IS THE sexing-up of childhood, and in particular of pre-teen girls, a bad thing? Well, only a fool or perhaps a pervert would argue otherwise.

No one is going to jump up and say that they rather like seeing girls in fake push-up bras or ‘future porn star’ knickers, or whatever the latest regrettable trend might be.

This concern has been with us for ten years or so, possibly longer, but the debate has been freshened up thanks to David Cameron’s high-profile expression of distaste.

The Prime Minister appointed Reg Bailey, the chief executive of the Mothers’ Union, to write a report on the “sexualisation and commercialisation” of childhood.

Mr Bailey published his conclusions this week, which included retailers being asked to place “lads’ mags” in brown paper bags, discouraging sexual-themed billboard adverts near to schools, giving an age rating to music videos, enforcing the watershed on TV, and setting up a so-called whistleblowers’ website through which parents will be able to report programmes, adverts or products they feel to be inappropriate.

A number of observations, to my mind, are stirred up by all this.

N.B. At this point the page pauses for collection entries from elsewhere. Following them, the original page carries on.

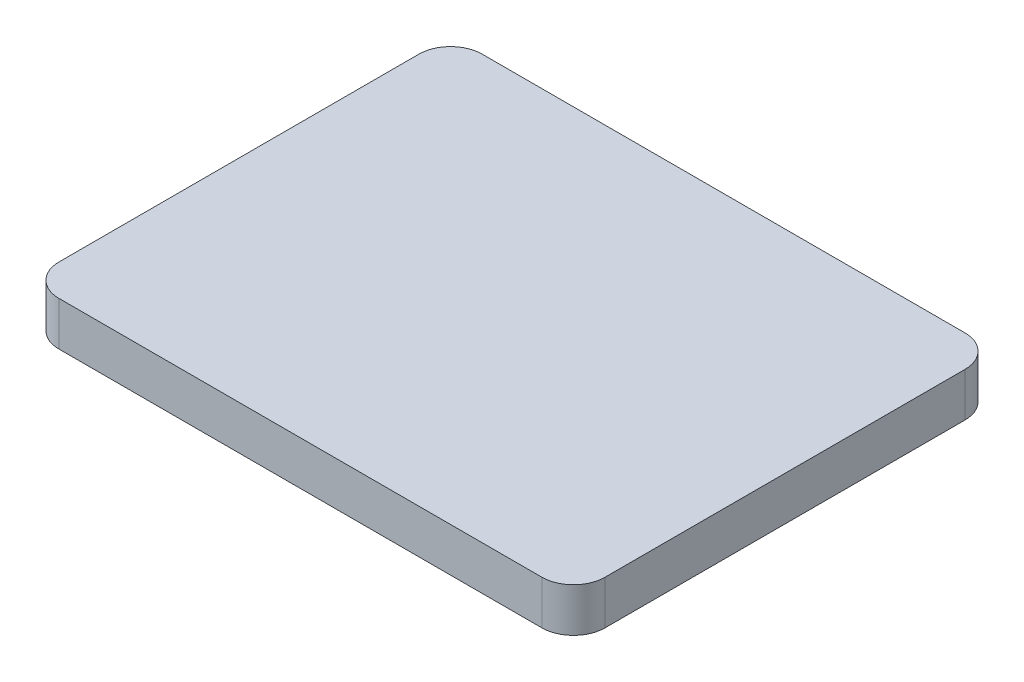
from build123d import *

# Parameters (mm, degrees)
SKETCH_2_W      = 29.5
SKETCH_2_H      = 22.5
LAYER_DEPTH     = 0.5
FILLET_1_R      = 1
EXTRUDE_1_DEPTH = 2.5


with BuildPart() as part:
    # 草图2 → layer (new body)
    with BuildSketch(Plane(origin=(0, 0, 0), x_dir=(1, 0, 0), z_dir=(0, 1, 0))):
        Rectangle(SKETCH_2_W, SKETCH_2_H)
    extrude(amount=LAYER_DEPTH)

    # 圆角1
    fillet_1_edges = [part.edges().sort_by_distance(p)[0] for p in [
        (14.75, 0.25, 11.25),
        (-14.75, 0.25, 11.25),
        (-14.75, 0.25, -11.25),
        (14.75, 0.25, -11.25),
    ]]
    fillet(fillet_1_edges, radius=FILLET_1_R)

    # 草图4 → 凸台-拉伸1 (add)
    with BuildSketch(Plane(origin=(0, 0.5, 0), x_dir=(1, 0, 0), z_dir=(0, 1, 0))):
        with BuildLine():
            Line((-13.75, -12.05), (13.75, -12.05))
            ThreePointArc((13.75, -12.05), (15.022792206, -11.522792206), (15.55, -10.25))
            Line((15.55, -10.25), (15.55, 10.25))
            ThreePointArc((15.55, 10.25), (15.022792206, 11.522792206), (13.75, 12.05))
            Line((13.75, 12.05), (-13.75, 12.05))
            ThreePointArc((-13.75, 12.05), (-15.022792206, 11.522792206), (-15.55, 10.25))
            Line((-15.55, 10.25), (-15.55, -10.25))
            ThreePointArc((-15.55, -10.25), (-15.022792206, -11.522792206), (-13.75, -12.05))
        make_face()
        with BuildLine():
            Line((-13.75, -11.25), (13.75, -11.25))
            ThreePointArc((13.75, -11.25), (14.457106781, -10.957106781), (14.75, -10.25))
            Line((14.75, -10.25), (14.75, 10.25))
            ThreePointArc((14.75, 10.25), (14.457106781, 10.957106781), (13.75, 11.25))
            Line((13.75, 11.25), (-13.75, 11.25))
            ThreePointArc((-13.75, 11.25), (-14.457106781, 10.957106781), (-14.75, 10.25))
            Line((-14.75, 10.25), (-14.75, -10.25))
            ThreePointArc((-14.75, -10.25), (-14.457106781, -10.957106781), (-13.75, -11.25))
        make_face(mode=Mode.SUBTRACT)
    extrude(amount=-EXTRUDE_1_DEPTH)


solid = part.part
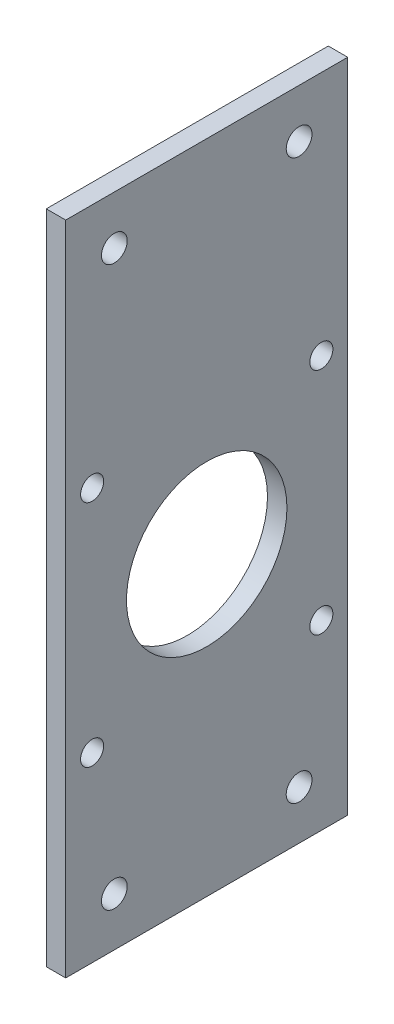
from build123d import *

# Parameters (mm, degrees)
SKETCH1_W           = 58
SKETCH1_H           = 135
SKETCH1_R           = 16.5
SKETCH1_R_2         = 2.375
SKETCH1_R_3         = 2.65
BOSS_EXTRUDE1_DEPTH = 4


with BuildPart() as part:
    # Sketch1 → Boss-Extrude1 (new body)
    with BuildSketch(Plane(origin=(0, 0, 0), x_dir=(0, 0, -1), z_dir=(1, 0, 0))):
        Rectangle(SKETCH1_W, SKETCH1_H)
        with Locations((0, -6.5)):
            Circle(SKETCH1_R, mode=Mode.SUBTRACT)
        with Locations((23.57, 17.07)):
            Circle(SKETCH1_R_2, mode=Mode.SUBTRACT)
        with Locations((-23.57, 17.07)):
            Circle(SKETCH1_R_2, mode=Mode.SUBTRACT)
        with Locations((-23.57, -30.07)):
            Circle(SKETCH1_R_2, mode=Mode.SUBTRACT)
        with Locations((23.57, -30.07)):
            Circle(SKETCH1_R_2, mode=Mode.SUBTRACT)
        with Locations((-19, 57.5)):
            Circle(SKETCH1_R_3, mode=Mode.SUBTRACT)
        with Locations((19, 57.5)):
            Circle(SKETCH1_R_3, mode=Mode.SUBTRACT)
        with Locations((-19, -57.5)):
            Circle(SKETCH1_R_3, mode=Mode.SUBTRACT)
        with Locations((19, -57.5)):
            Circle(SKETCH1_R_3, mode=Mode.SUBTRACT)
    extrude(amount=BOSS_EXTRUDE1_DEPTH)


solid = part.part
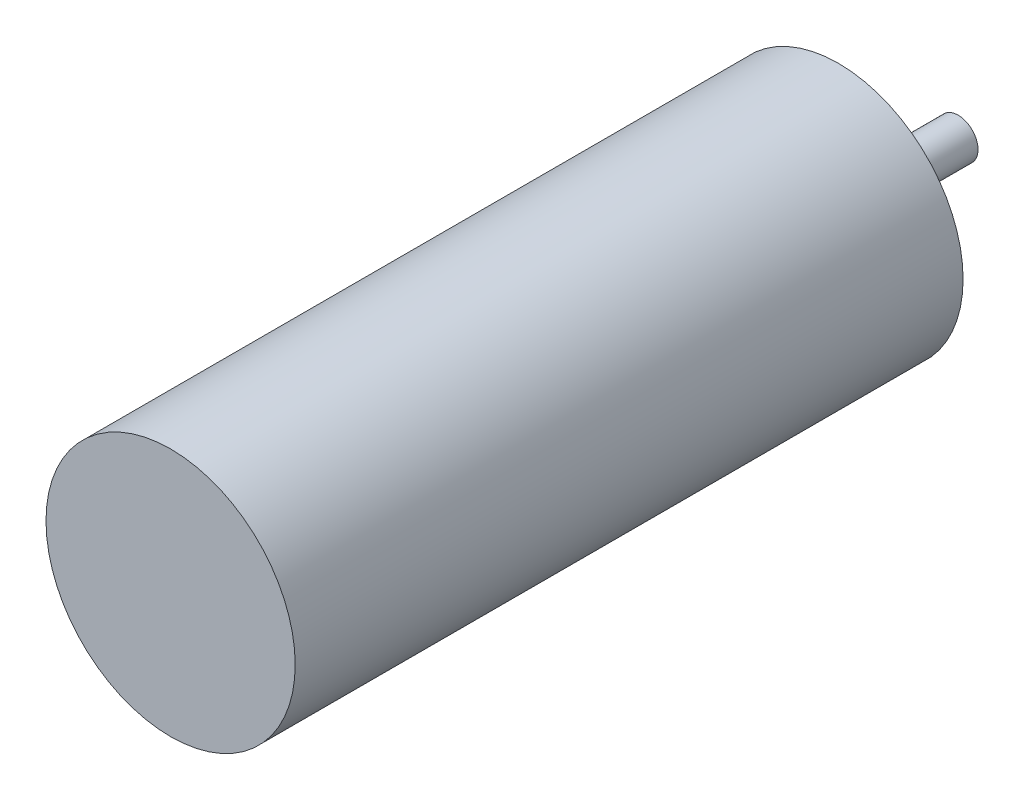
from build123d import *

# Parameters (mm, degrees)
SKETCH1_R           = 12.5
BOSS_EXTRUDE1_DEPTH = 67
SKETCH2_R           = 4
BOSS_EXTRUDE2_DEPTH = 3
SKETCH3_R           = 2
BOSS_EXTRUDE3_DEPTH = 9


with BuildPart() as part:
    # Sketch1 → Boss-Extrude1 (new body)
    with BuildSketch(Plane.XY):
        Circle(SKETCH1_R)
    extrude(amount=BOSS_EXTRUDE1_DEPTH)

    # Sketch2 → Boss-Extrude2 (add)
    with BuildSketch(Plane(origin=(0, 0, 0), x_dir=(-1, 0, 0), z_dir=(0, 0, -1))):
        Circle(SKETCH2_R)
    extrude(amount=BOSS_EXTRUDE2_DEPTH)

    # Sketch3 → Boss-Extrude3 (add)
    with BuildSketch(Plane(origin=(0, 0, -3), x_dir=(-1, 0, 0), z_dir=(0, 0, -1))):
        Circle(SKETCH3_R)
    extrude(amount=BOSS_EXTRUDE3_DEPTH)


solid = part.part

Firstly, Mr Cameron is a politician before he is anything else. The way this ‘independent’ report was commissioned begs certain questions, while Call Me Dave’s responses to the suggestions it contained raise others.

A report led by the boss of a Christian charity is hardly going to be independent, so that choice itself risks devaluing the findings. Isn’t that a little like asking the Methodists to ‘independently’ look into the alcohol industry; or wondering what the Quakers might make of the arms trade? Certain conclusions were inevitable.

For a moment, although he clearly believes what he says, it was hard not to see Mr Cameron as a man brushing from his mouth the crumbs of the cake he has just had and eaten.

By raising a matter of general concern, he appeared to be in touch and prepared to do things. Except that he isn’t, not really.

Mr Cameron’s response to Mr Bailey’s report appears to involve the customary shifty two-step, a forwards and back little dance number favoured by politicians.

While expressing his support for the findings, the Prime Minister appeared to reject any form of legislation. This was because of what Mr Cameron described, to quote words harder to keep hold of than a fish in a hurry, as his “long-held belief that the leading force for progress should be social responsibility, not state control”.

Ah, the bind of the progressive Conservative (if that’s what Mr Cameron is; opinions differ). He would like things to change, but he isn’t going to lay down the law because that would be what the other lot do. Instead of relying on what, elsewhere, he has called the “dead hand of the state”, he would, presumably, like us all to sort this out in a big-society sort of way.

Social responsibility comes from us all, I would guess, and that is not all bad. If no one produced or bought sexually inappropriate clothing for pre-teen girls, then the problem would go away.

The trouble is, society is a complicated playground, where there are many rules and regulations, alongside parallel desires and freedoms. Children live in the same society as the rest of us, and so cannot be cut off entirely from the sexualised commodity, long a staple of, say, pop videos and the like.

Someone should perhaps sort this lot out. Sadly, it doesn’t appear that Mr Cameron has any more of a clue than the rest of us.

Also, could he be suffering from a bad case of ‘parentisis’, a complaint in which the youngish father or mother becomes a mite obsessive about everything and anything to do with children?

As a father of three, I’ve been there, done that – and moved on somewhat, now that the little ones are little no more. And no, I never did have one of those ‘baby on board’ stickers on my car.

To conclude, society should take care to protect its young; it should also set great store by people of all ages, shouldn’t it?